The Century Vase in the High Museum of Art

Magazine Antiques, Jan, 1997 by Donald C. Peirce

The Century Vase, one of a pair made for the Centennial Exhibition held in Philadelphia in 1876, clearly embodies the goal of the organizers of the fair to celebrate the hundredth anniversary of the United States and its flint century of industrial and technological achievements. Sculptural images of people, events, and themes popularly associated with the colonial and Revolutionary War periods are combined with polychrome painted depictions of American industrial innovations in the nineteenth century. A ring of decorative bosses shaped like the heads of animals native to America separates the sculptural from the painted sections and complements the larger bison-head handles. A bisque bas-relief profile of George Washington is crowned by an American eagle with bolts of lightning and stars.

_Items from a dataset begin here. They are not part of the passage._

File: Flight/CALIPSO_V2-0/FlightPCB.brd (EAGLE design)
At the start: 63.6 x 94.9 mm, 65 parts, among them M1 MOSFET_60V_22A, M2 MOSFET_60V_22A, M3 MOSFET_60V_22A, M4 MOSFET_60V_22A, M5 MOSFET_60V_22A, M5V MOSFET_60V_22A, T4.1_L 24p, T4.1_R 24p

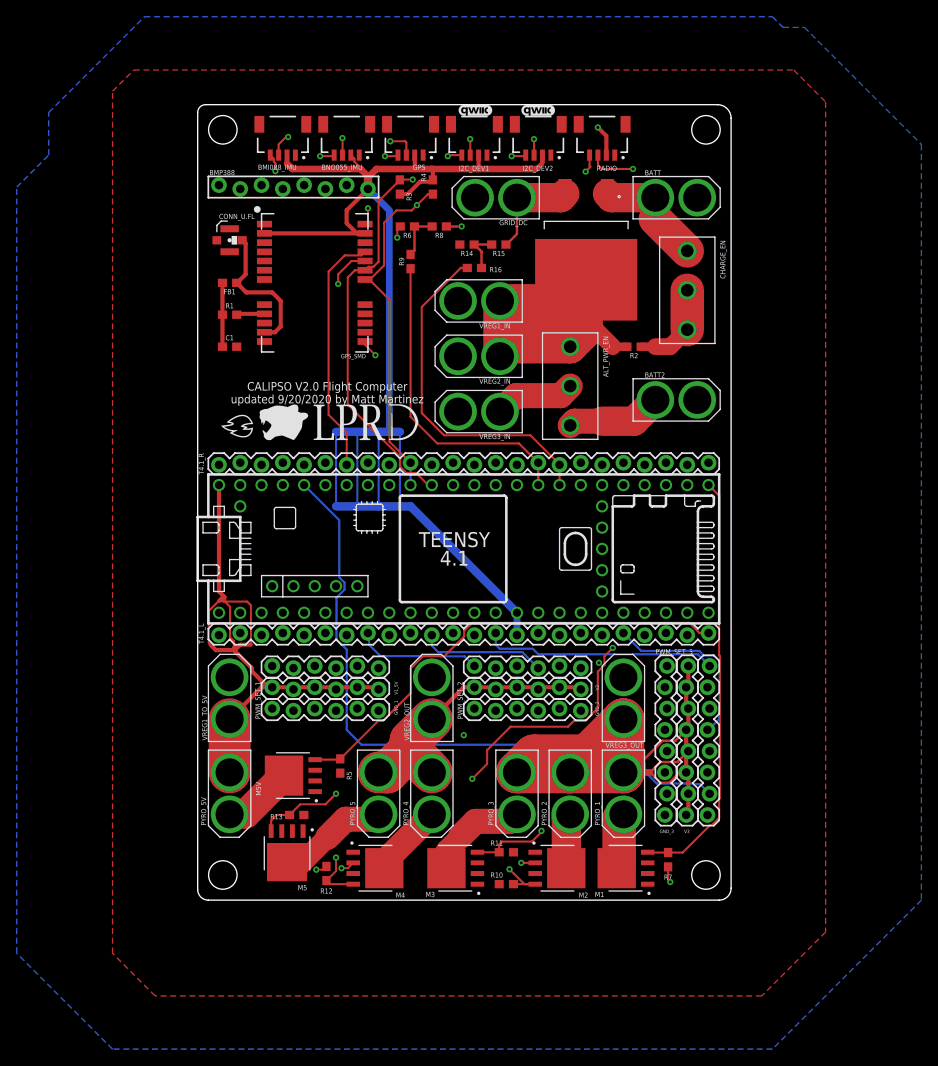
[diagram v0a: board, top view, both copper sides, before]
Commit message: MFG Files
Includes PDFs and CSV files for parts... PCB file is no longer ready to order as it has to be re-routed
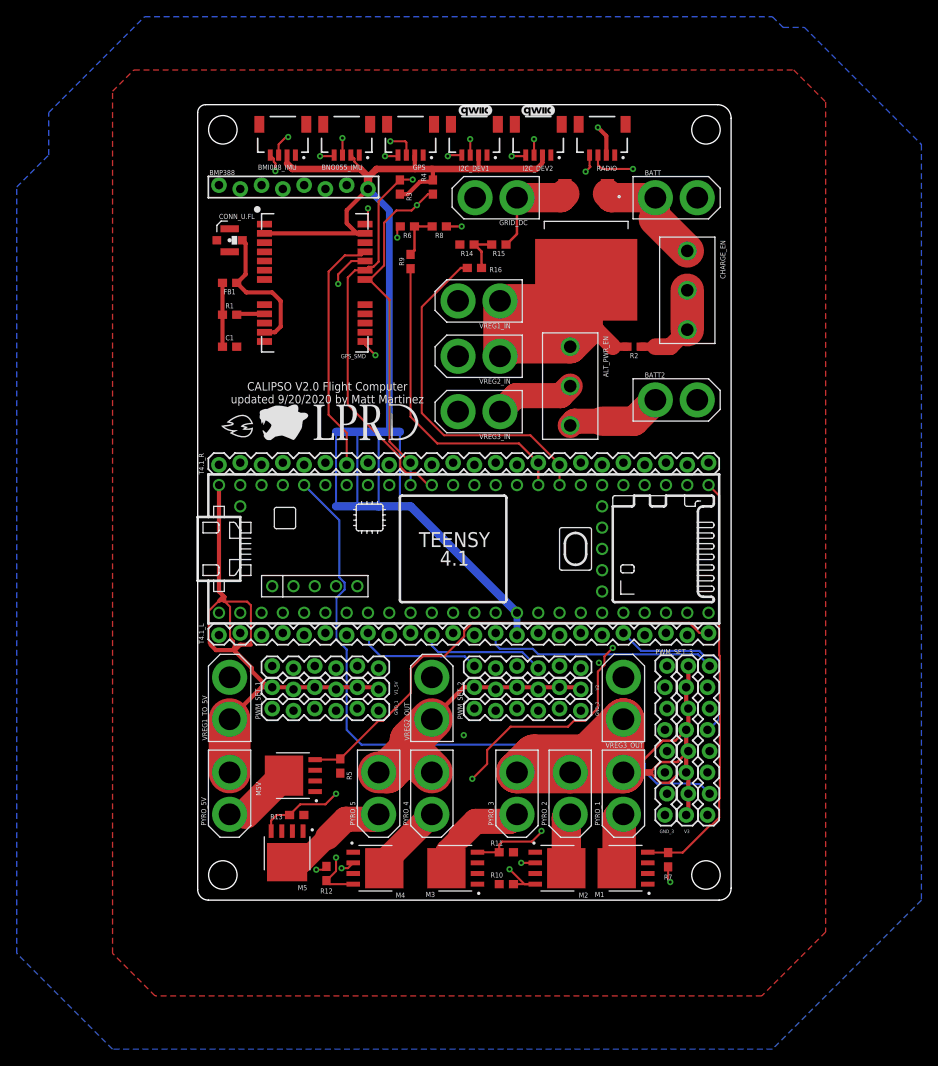
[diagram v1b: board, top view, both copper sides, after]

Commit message: Unsaved changes after 10/11/2020
changes that I made after 10/11/2020. I don't recall what all the changes are, but I will look soon.
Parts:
- LOGO1, LOGO2: value QWIIC_LOGO_4MM -> QWIIC_LOGO_CONNECTOR; device SparkFun-Aesthetics:QWIIC_4MM -> SparkFun-Aesthetics:QWIIC_5.5MM
- moved LOGO2 2.41 mm to (33.1, 101.7)
- moved LOGO1 2.40 mm to (41.9, 101.3)
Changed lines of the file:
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@@
 </layers>
 <board>
-<fusionsync huburn="a.YnVzaW5lc3M6bXl1bW4xNzk" projecturn="a.YnVzaW5lc3M6bXl1bW4xNzkjRDIwMTkwNzA2MjAyMzIxMDMx" f3durn="urn:adsk.wipprod:dm.lineage:VqhNx6DGQo228uV-65ZaWg" pcbguid="" lastpulledtime="" lastsyncedchangeguid="" latestrevisionid="06cb4512-8221-4e09-8c76-3a624050dc2e" lastsyncedrevisionid="06cb4512-8221-4e09-8c76-3a624050dc2e" lastboardhashguid="36d0bf69-8a66-7bb8-8a8f-f5e464f03517" lastpushedtime="2020-09-28T01:03:13Z" linktopcb3d="false"/>
+<fusionsync huburn="a.YnVzaW5lc3M6bXl1bW4xNzk" projecturn="a.YnVzaW5lc3M6bXl1bW4xNzkjRDIwMTkwNzA2MjAyMzIxMDMx" f3durn="urn:adsk.wipprod:dm.lineage:VqhNx6DGQo228uV-65ZaWg" pcbguid="" lastpulledtime="" lastsyncedchangeguid="" latestrevisionid="06cb4512-8221-4e09-8c76-3a624050dc2e" lastsyncedrevisionid="06cb4512-8221-4e09-8c76-3a624050dc2e" lastboardhashguid="36d0bf69-8a66-7bb8-8a8f-f5e464f03517" lastpushedtime="2020-09-28T01:03:13Z" linktopcb3d="true"/>
 <plain>
 <text x="15.466" y="65.628" size="1.016" layer="21" align="center">CALIPSO V2.0 Flight Computer
@@
 <attribute name="VALUE" x="10.922" y="16.002" size="0.6096" layer="27" font="vector" ratio="20" rot="R180" align="top-center"/>
 </element>
-<element name="LOGO1" library="SparkFun-Aesthetics" package="QWIIC_4MM" value="QWIIC_LOGO_4MM" x="40.64" y="99.314" smashed="yes"/>
-<element name="LOGO2" library="SparkFun-Aesthetics" package="QWIIC_4MM" value="QWIIC_LOGO_4MM" x="33.147" y="99.314" smashed="yes"/>
+<element name="LOGO1" library="SparkFun-Aesthetics" package="QWIIC_5.5MM" value="QWIIC_LOGO_CONNECTOR" x="41.91" y="101.346" smashed="yes"/>
+<element name="LOGO2" library="SparkFun-Aesthetics" package="QWIIC_5.5MM" value="QWIIC_LOGO_CONNECTOR" x="33.147" y="101.727" smashed="yes"/>
 <element name="R14" library="SparkFun-Resistors" package="0603" value="1k" x="32.131" y="83.312" smashed="yes" rot="R180">
 <attribute name="NAME" x="32.131" y="82.55" size="0.6096" layer="25" font="vector" ratio="20" rot="R180" align="bottom-center"/>

The vases were made by the Union Porcelain Works in Greenpoint, Brooklyn, New York, under the direction of the company's chief designer, Karl L. H. Muller, a skilled German-born sculptor, who had been hired in 1874. The company was one of the most successful and long-lived porcelain works in the United States in the late nineteenth century. It was founded by Thomas Carll Smith (1815-1901), an architect who bought the former William Boch and Brothers (before 1844-1861 or 1862) porcelain factory building in 1863. At first Union Porcelain continued to produce the bone china Boch had made, but after traveling to Europe and visiting factories there, Smith decided to make hard-paste porcelain using kaolin. He introduced the new product in 1864 and thenceforth it comprised the output of the firm.

In anticipation of the Centennial the National Potters Association was formed in January 1875, with Smith as treasurer. Its task was to enhance the standing of the American ceramics industry through the exhibition. Despite this united effort, most American ceramics exhibits were ignored by the critics in favor of imported wares, although it was reported that the Union Porcelain exhibit included

a pair of vases upon whose bases, ... in bas-relief, we find Penn treating with the Indians, a log cabin with the early settler; ax in hand, resting from his toil, and the story of the tea-riot in Boston harbor, and a soldier standing by his cannon. Above these there are some representative paintings of the progress of the arts. The telegraph is illustrated by a pole upon which a workman is placing the last of a number of wires; the steamer, a sewing machine and a reaper are also shown.(1)

It is interesting that the word "arts" should be associated with views of the sewing machine, the telegraph, the steamboat, the canal boat at a grain elevator, farm machinery, and a potter forming a plate with a mold. Perhaps the term used in an industrial trade journal somehow elevated the perception of American trade and technology.

For more than a quarter of a century after the Centennial the Union Porcelain Works appears to have considered the Century Vases among its most noteworthy achievements.(2) In his seminal Pottery and Porcelain of the United States, first published in 1893, Edwin AtLee Barber (1851-1916) praised the Century Vase, although, curiously, he did not illustrate it.(3) Between 1892 and 1901 Barber served as the honorary curator of American ceramics at the Pennsylvania Museum of Art (now the Philadelphia Museum of Art), where he developed a collection of American pottery and porcelain. However, by the 1940s most American museums had little interest in nineteenth-century American ceramics. An exception was the Brooklyn Museum in Brooklyn, New York, which, in 1943, acquired the mate to the Century Vase illustrated here. It was a gift from descendants of Thomas Carll Smith, who were perhaps encouraged by the comprehensive survey of American ceramics being assembled at the Brooklyn Museum under the direction of the ceramics collector Arthur W. Clement.

The Brooklyn Museum included its Century Vase in its landmark exhibition Victoriana, An Exhibition of the Arts of the Victorian Era in America in 1960. That vase received broader exposure in the catalogue for the vast exhibition 19th-Century America, Furniture and other Decorative Arts held at the Metropolitan Museum of Art in New York City in 1970.(4) Six years later the vase now in the High Museum of Art, but then in a private collection, was illustrated in an article in ANTIQUES about the Centennial Exhibition in Philadelphia.(5) In 1989 the Brooklyn Museum's vase was on the cover of the catalogue for another Metropolitan Museum exhibition, American Porcelain: 1770-1920, the first truly comprehensive survey since Barber's book.

The monumentality of the Century Vase together with the beautifully modeled profile of Washington in stark white against the rich blue background give the object an appealing visual presence. The finely rendered animal-head bosses and handles lend intrigue to the graceful classical shape of the vase. The bas-relief historical vignettes and delicately painted industrial scenes appropriately capture a popular mood in the United States at the time of the Centennial and evoke the goals of the exhibition itself: to express pride in the America past and hope for the future based on innovation, technology, and industry.